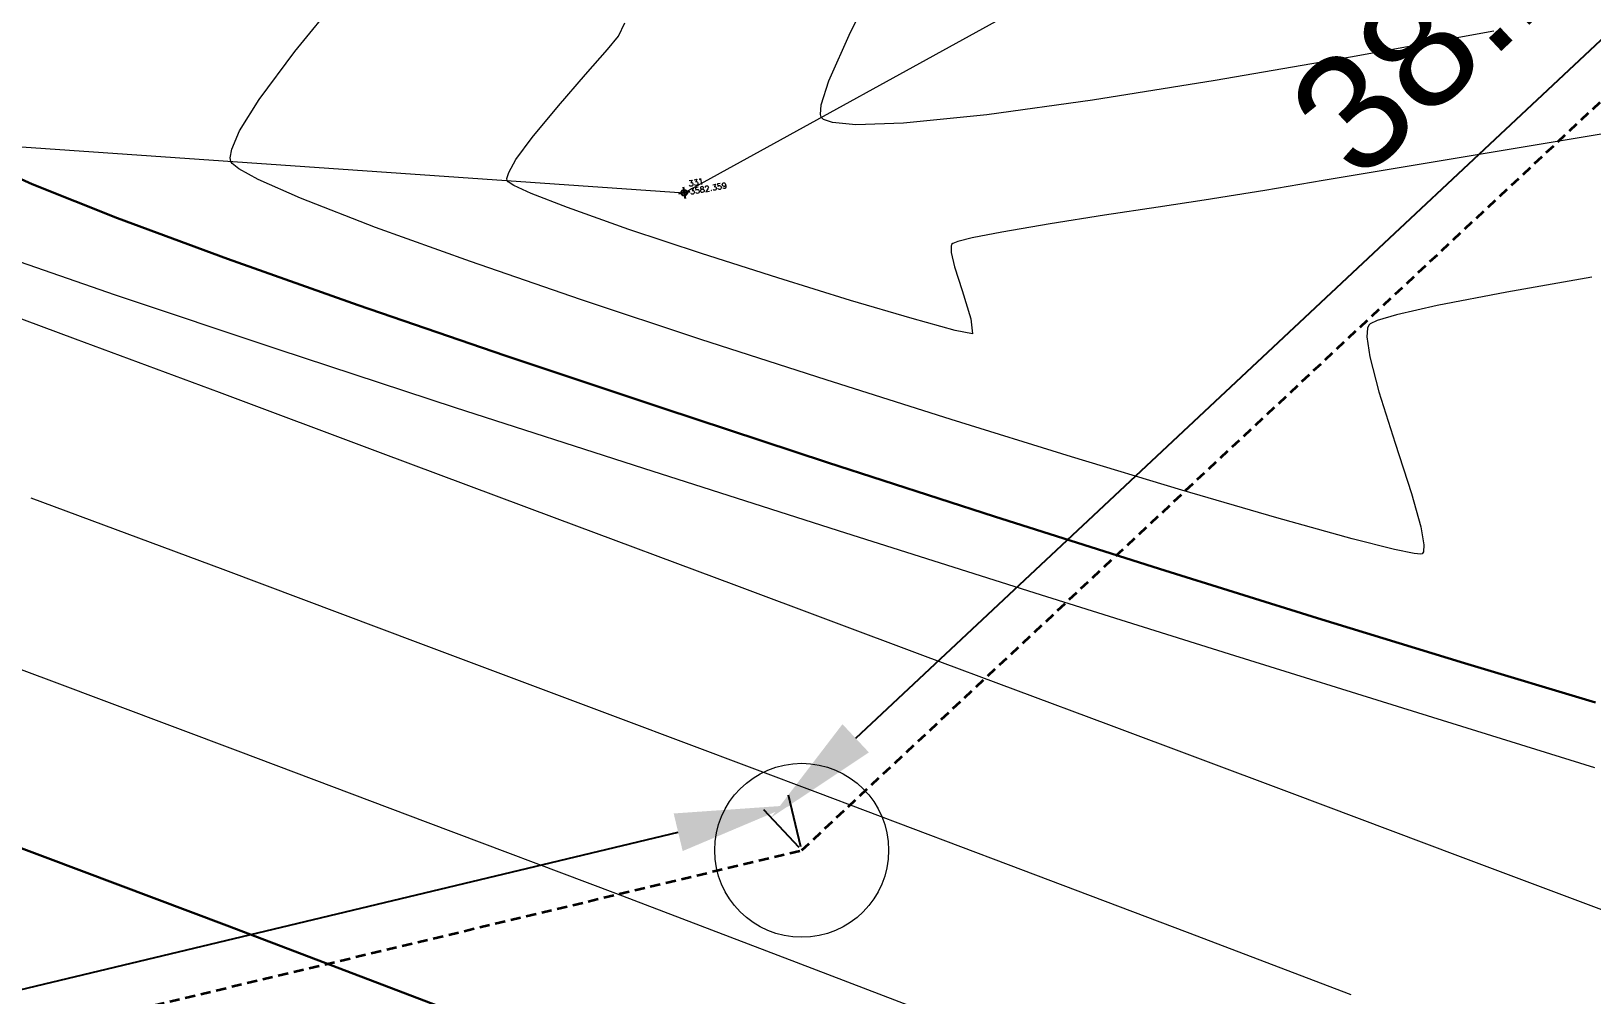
# Model space of a CAD drawing. Header units: millimetres. Extents: x 736950 to 740938, y 8500595 to 8502163.
# Drawn here: x 737953.38 to 737980.3, y 8501239.76 to 8501256.38 of the extents above; entities that cross this region are included whole.
import ezdxf

# ---------------------------------------------------------------- set-up
doc = ezdxf.new("R2010")
doc.units = ezdxf.units.MM
doc.linetypes.add('DASHED', pattern=[0.75, 0.5, -0.25])
for name, color, linetype, lineweight in [('CONT-MJR', 80, 'Continuous', 30), ('CONT-MNR', 96, 'Continuous', 15), ('COTAS', 40, 'Continuous', 5), ('PERIMETRO', 7, 'Continuous', 35), ('pista', 251, 'Continuous', 5), ('saiwite', 5, 'Continuous', 5)]:
    doc.layers.add(name, color=color, linetype=linetype, lineweight=lineweight)
doc.styles.add('5mm', font='arial.ttf', dxfattribs={"height": 3})
doc.styles.add('COTAS', font='arial.ttf')
doc.dimstyles.new('Copy of GenDist', dxfattribs={"dimtxt": 2, "dimasz": 2, "dimexe": 0.18, "dimexo": 0.0625, "dimgap": 1, "dimtad": 2, "dimdec": 3, "dimzin": 1, "dimdsep": 46, "dimtxsty": 'COTAS', "dimcen": 0.09, "dimadec": 3, "dimazin": 0, "dimtfac": 1, "dimtdec": 3, "dimtofl": 0, "dimtmove": 0, "dimatfit": 3, "dimfxl": 1, "dimtolj": 1, "dimtzin": 0, "dimarcsym": 0})

# ---------------------------------------------------------------- blocks, each defined once
blk = doc.blocks.new('*D155')
at = {"layer": 'COTAS', "color": 0, "lineweight": -2, "transparency": 16777216}
for p, q in [((737966.6579041376, 8501242.309450852), (737966.4448905829, 8501243.199841607)), ((737894.410769413, 8501225.781604614), (737964.5416599361, 8501242.55944087)), ((737892.6367909918, 8501224.600933155), (737892.4237774368, 8501225.491323913))]:
    blk.add_line(p, q, dxfattribs=at)
at = {"layer": 'COTAS', "color": 0, "transparency": 16777216}
for points in [[(737964.4641031495, 8501242.883626089), (737964.6192167227, 8501242.235255651), (737966.4867712476, 8501243.024781588)], [(737894.3332126264, 8501226.105789833), (737894.4883261996, 8501225.457419395), (737892.4656581015, 8501225.316263894)]]:
    blk.add_solid(points, dxfattribs=at)
at = {"layer": 'Defpoints', "color": 0, "transparency": 16777216}
for p in [(737966.4867712476, 8501243.024781588), (737966.6724460351, 8501242.248666123), (737892.6513328892, 8501224.540148428)]:
    blk.add_point(p, dxfattribs=at)
at = {"layer": 'COTAS', "color": 0, "transparency": 16777216, "insert": (737929.0059539131, 8501236.13619969), "char_height": 2, "attachment_point": 5, "rotation": 13.45433814943491, "style": 'COTAS'}
blk.add_mtext('\\A1;76.110', dxfattribs=at)
blk = doc.blocks.new('*D156')
at = {"layer": 'COTAS', "color": 0, "lineweight": -2, "transparency": 16777216}
for p, q in [((737994.5660146885, 8501268.467491537), (737993.9569597547, 8501269.117573736)), ((737967.6032455061, 8501244.180409221), (737992.6205072375, 8501267.618809355)), ((737966.6297145458, 8501242.294276098), (737966.020659612, 8501242.944358297))]:
    blk.add_line(p, q, dxfattribs=at)
at = {"layer": 'COTAS', "color": 0, "transparency": 16777216}
for points in [[(737992.3926059622, 8501267.862062555), (737992.8484085128, 8501267.375556154), (737994.0800264431, 8501268.986217007)], [(737967.3753442308, 8501244.42366242), (737967.8311467813, 8501243.93715602), (737966.1437263004, 8501242.813001567)]]:
    blk.add_solid(points, dxfattribs=at)
at = {"layer": 'Defpoints', "color": 0, "transparency": 16777216}
for p in [(737994.0800264431, 8501268.986217007), (737994.608746178, 8501268.421881562), (737966.6724460353, 8501242.248666123)]:
    blk.add_point(p, dxfattribs=at)
at = {"layer": 'COTAS', "color": 0, "transparency": 16777216, "insert": (737978.7295447616, 8501257.37505776), "char_height": 2, "attachment_point": 5, "rotation": 43.13375550846872, "style": 'COTAS'}
blk.add_mtext('\\A1;38.282', dxfattribs=at)

msp = doc.modelspace()

# ---------------------------------------------------------------- hatches: boundary and pattern name
at = {"layer": 'pista'}
h = msp.add_hatch(dxfattribs=at)
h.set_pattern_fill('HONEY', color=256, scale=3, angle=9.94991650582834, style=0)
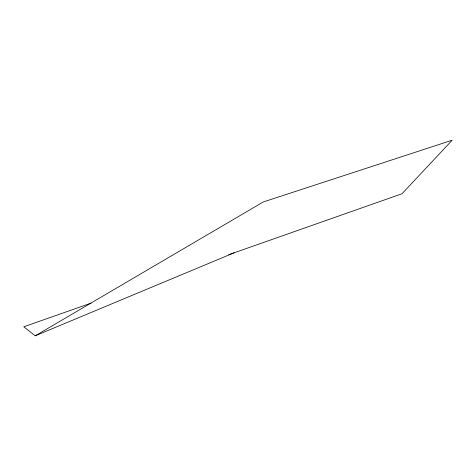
<?xml version="1.0" encoding="UTF-8"?>
<svg xmlns="http://www.w3.org/2000/svg" width="476" height="476" viewBox="0 0 476 476"><rect width="100%" height="100%" fill="white"/><g stroke="black" fill="none" stroke-linecap="round" stroke-linejoin="round"><path stroke-width="0.71" d="M91.112 303.117L23.8 326.792L35.224 335.8L263.204 201.985L452.2 140.2L402.012 193.75L228.54 254.773M35.224 335.8L234.15 252.798"/></g></svg>

____

Exercise: Print the data again word for word, pictures excluded.

Answer section:
# Model space of a CAD drawing. Header units: millimetres. Extents: x 736950 to 740938, y 8500595 to 8502163.
# Drawn here: x 737953.38 to 737980.3, y 8501239.76 to 8501256.38 of the extents above; entities that cross this region are included whole.
import ezdxf

# ---------------------------------------------------------------- set-up
doc = ezdxf.new("R2010")
doc.units = ezdxf.units.MM
doc.linetypes.add('DASHED', pattern=[0.75, 0.5, -0.25])
for name, color, linetype, lineweight in [('CONT-MJR', 80, 'Continuous', 30), ('CONT-MNR', 96, 'Continuous', 15), ('COTAS', 40, 'Continuous', 5), ('PERIMETRO', 7, 'Continuous', 35), ('pista', 251, 'Continuous', 5), ('saiwite', 5, 'Continuous', 5)]:
    doc.layers.add(name, color=color, linetype=linetype, lineweight=lineweight)
doc.styles.add('5mm', font='arial.ttf', dxfattribs={"height": 3})
doc.styles.add('COTAS', font='arial.ttf')
doc.dimstyles.new('Copy of GenDist', dxfattribs={"dimtxt": 2, "dimasz": 2, "dimexe": 0.18, "dimexo": 0.0625, "dimgap": 1, "dimtad": 2, "dimdec": 3, "dimzin": 1, "dimdsep": 46, "dimtxsty": 'COTAS', "dimcen": 0.09, "dimadec": 3, "dimazin": 0, "dimtfac": 1, "dimtdec": 3, "dimtofl": 0, "dimtmove": 0, "dimatfit": 3, "dimfxl": 1, "dimtolj": 1, "dimtzin": 0, "dimarcsym": 0})

# ---------------------------------------------------------------- blocks, each defined once
blk = doc.blocks.new('*D155')
at = {"layer": 'COTAS', "color": 0, "lineweight": -2, "transparency": 16777216}
for p, q in [((737966.6579041376, 8501242.309450852), (737966.4448905829, 8501243.199841607)), ((737894.410769413, 8501225.781604614), (737964.5416599361, 8501242.55944087)), ((737892.6367909918, 8501224.600933155), (737892.4237774368, 8501225.491323913))]:
    blk.add_line(p, q, dxfattribs=at)
at = {"layer": 'COTAS', "color": 0, "transparency": 16777216}
for points in [[(737964.4641031495, 8501242.883626089), (737964.6192167227, 8501242.235255651), (737966.4867712476, 8501243.024781588)], [(737894.3332126264, 8501226.105789833), (737894.4883261996, 8501225.457419395), (737892.4656581015, 8501225.316263894)]]:
    blk.add_solid(points, dxfattribs=at)
at = {"layer": 'Defpoints', "color": 0, "transparency": 16777216}
for p in [(737966.4867712476, 8501243.024781588), (737966.6724460351, 8501242.248666123), (737892.6513328892, 8501224.540148428)]:
    blk.add_point(p, dxfattribs=at)
at = {"layer": 'COTAS', "color": 0, "transparency": 16777216, "insert": (737929.0059539131, 8501236.13619969), "char_height": 2, "attachment_point": 5, "rotation": 13.45433814943491, "style": 'COTAS'}
blk.add_mtext('\\A1;76.110', dxfattribs=at)
blk = doc.blocks.new('*D156')
at = {"layer": 'COTAS', "color": 0, "lineweight": -2, "transparency": 16777216}
for p, q in [((737994.5660146885, 8501268.467491537), (737993.9569597547, 8501269.117573736)), ((737967.6032455061, 8501244.180409221), (737992.6205072375, 8501267.618809355)), ((737966.6297145458, 8501242.294276098), (737966.020659612, 8501242.944358297))]:
    blk.add_line(p, q, dxfattribs=at)
at = {"layer": 'COTAS', "color": 0, "transparency": 16777216}
for points in [[(737992.3926059622, 8501267.862062555), (737992.8484085128, 8501267.375556154), (737994.0800264431, 8501268.986217007)], [(737967.3753442308, 8501244.42366242), (737967.8311467813, 8501243.93715602), (737966.1437263004, 8501242.813001567)]]:
    blk.add_solid(points, dxfattribs=at)
at = {"layer": 'Defpoints', "color": 0, "transparency": 16777216}
for p in [(737994.0800264431, 8501268.986217007), (737994.608746178, 8501268.421881562), (737966.6724460353, 8501242.248666123)]:
    blk.add_point(p, dxfattribs=at)
at = {"layer": 'COTAS', "color": 0, "transparency": 16777216, "insert": (737978.7295447616, 8501257.37505776), "char_height": 2, "attachment_point": 5, "rotation": 43.13375550846872, "style": 'COTAS'}
blk.add_mtext('\\A1;38.282', dxfattribs=at)

msp = doc.modelspace()

# ---------------------------------------------------------------- hatches: boundary and pattern name
at = {"layer": 'pista'}
h = msp.add_hatch(dxfattribs=at)
h.set_pattern_fill('HONEY', color=256, scale=3, angle=9.94991650582834, style=0)
<?xml version="1.0" encoding="UTF-8"?>
<svg xmlns="http://www.w3.org/2000/svg" width="476" height="476" viewBox="0 0 476 476"><rect width="100%" height="100%" fill="white"/><g stroke="black" fill="none" stroke-linecap="round" stroke-linejoin="round"><path stroke-width="0.71" d="M91.112 303.117L23.8 326.792L35.224 335.8L263.204 201.985L452.2 140.2L402.012 193.75L228.54 254.773M35.224 335.8L234.15 252.798"/></g></svg>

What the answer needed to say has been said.